The controversial wastewater treatment facility in Erin that is in the pre-construction phase is another source of contention for environmental activists. The effluent from the facility will be dumped directly into the West Credit River which is one of the last self-sustaining populations of Brook Trout which require cold water in order to spawn and survive. Biologists estimate the preferred temperature for Brook Trout to thrive is approximately 14 degrees Celsius. Plans for the treatment plant state that a cooling system will only be turned on after water temperature reaches above 19 degrees celsius which is potentially harmful for the trout populations.
“Our biggest concern about development is that they leave water to the end,” McCammon says. When developments are built, their sources of water and the place of their sewage is often an afterthought, he says, although water is arguably the most crucial aspect of our lives.

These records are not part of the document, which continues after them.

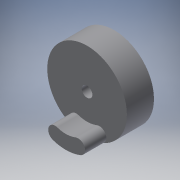
# Autodesk Inventor part: j024 output
Saved by Autodesk Inventor 2016 SP1 (Build 200210100, 210)
## iProperties
Created: 2016-09-17
Part Number: j024 output
Material: Generic
Document SubType Name: Modeling
Designer: benja
Density: 1 g/cm^3
Appearance: Default
Author: benja
Autodesk Inventor part; units mm, degrees
ref_plane "YZ Plane" through (0, 0, 0) normal (1, 0, 0) x (0, 1, 0)
ref_plane "XZ Plane" through (0, 0, 0) normal (0, 1, 0) x (-1, 0, 0)
ref_plane "XY Plane" through (0, 0, 0) normal (0, 0, 1) x (1, 0, 0)
sketch "Sketch1" plane through (0, 0, 0) normal (0, 0, 1) x (1, 0, 0)
  circle A0 centre (0, 0) radius 3.9 projected
  circle A1 centre (0, 0) radius 3.75
  dimension "d0" = 7.5
  constraints: 1 centre point, 1 coincident
  measures "d0" diameter of A1
extrude "Extrusion1" add sketch "Sketch1" along normal blind 2.55 contours A1
sketch "Sketch2" plane through (0, 0, 2.55) normal (0, 0, 1) x (1, 0, 0)
  arc A0 (-0.8017, -2.3151) -> (0.9206, -2.2705) centre (0, 0) ccw
  circle A1 centre (0, 0) radius 3.75 projected
  circle A2 centre (0, 0) radius 3.75 projected
  arc A3 (1.409, -3.4752) -> (0.9206, -2.2705) centre (1.1648, -2.8728) ccw
  arc A4 (-0.8017, -2.3151) -> (-1.2272, -3.5435) centre (-1.0145, -2.9293) ccw
  dimension "d3" = 1.3
  dimension "d4" = 3.48
  constraints: 10 point on circle, 4 tangent, 3 centre point, 1 concentric
  measures "d3" radial gap between concentric circles of A1 A0
extrude "Extrusion2" add sketch "Sketch2" along normal blind 2 contours A0 A3 A1 A4 picked at (-0.0123, -3.2943)
sketch "Sketch3" plane through (0, 0, 2.55) normal (0, 0, 1) x (1, 0, 0)
  circle A0 centre (0, 0) radius 0.5
  dimension "d7" = 1
  constraints: 1 centre point, 1 coincident
  measures "d7" diameter of A0
extrude "Extrusion3" cut sketch "Sketch3" against normal blind 2
body "Solid1"

When development is proposed in the Greenbelt an environmental assessment is required but this only covers the footprint of the infrastructure itself. For example, the main pipe in the Erin wastewater system must be assessed, but that will not include the impact of the effluent on the West Credit River.
All of the tributaries and rivers that spring out of the Oak Ridges Moraine send water into one of the Great Lakes. Pollution resulting from human activity will impact them and the surrounding basins where much of Ontario’s population exists. Lake Ontario is the most polluted of the Great Lakes largely due to the extensive development that surrounds it.
McCammon and others trying to protect the major water systems we all rely on, warn that current legislation to accommodate sprawl will lead to more risks.
He says current safeguards that are being circumvented to make way for Bill 23 are “not just for humans, but it's for all the other things downstream as well.”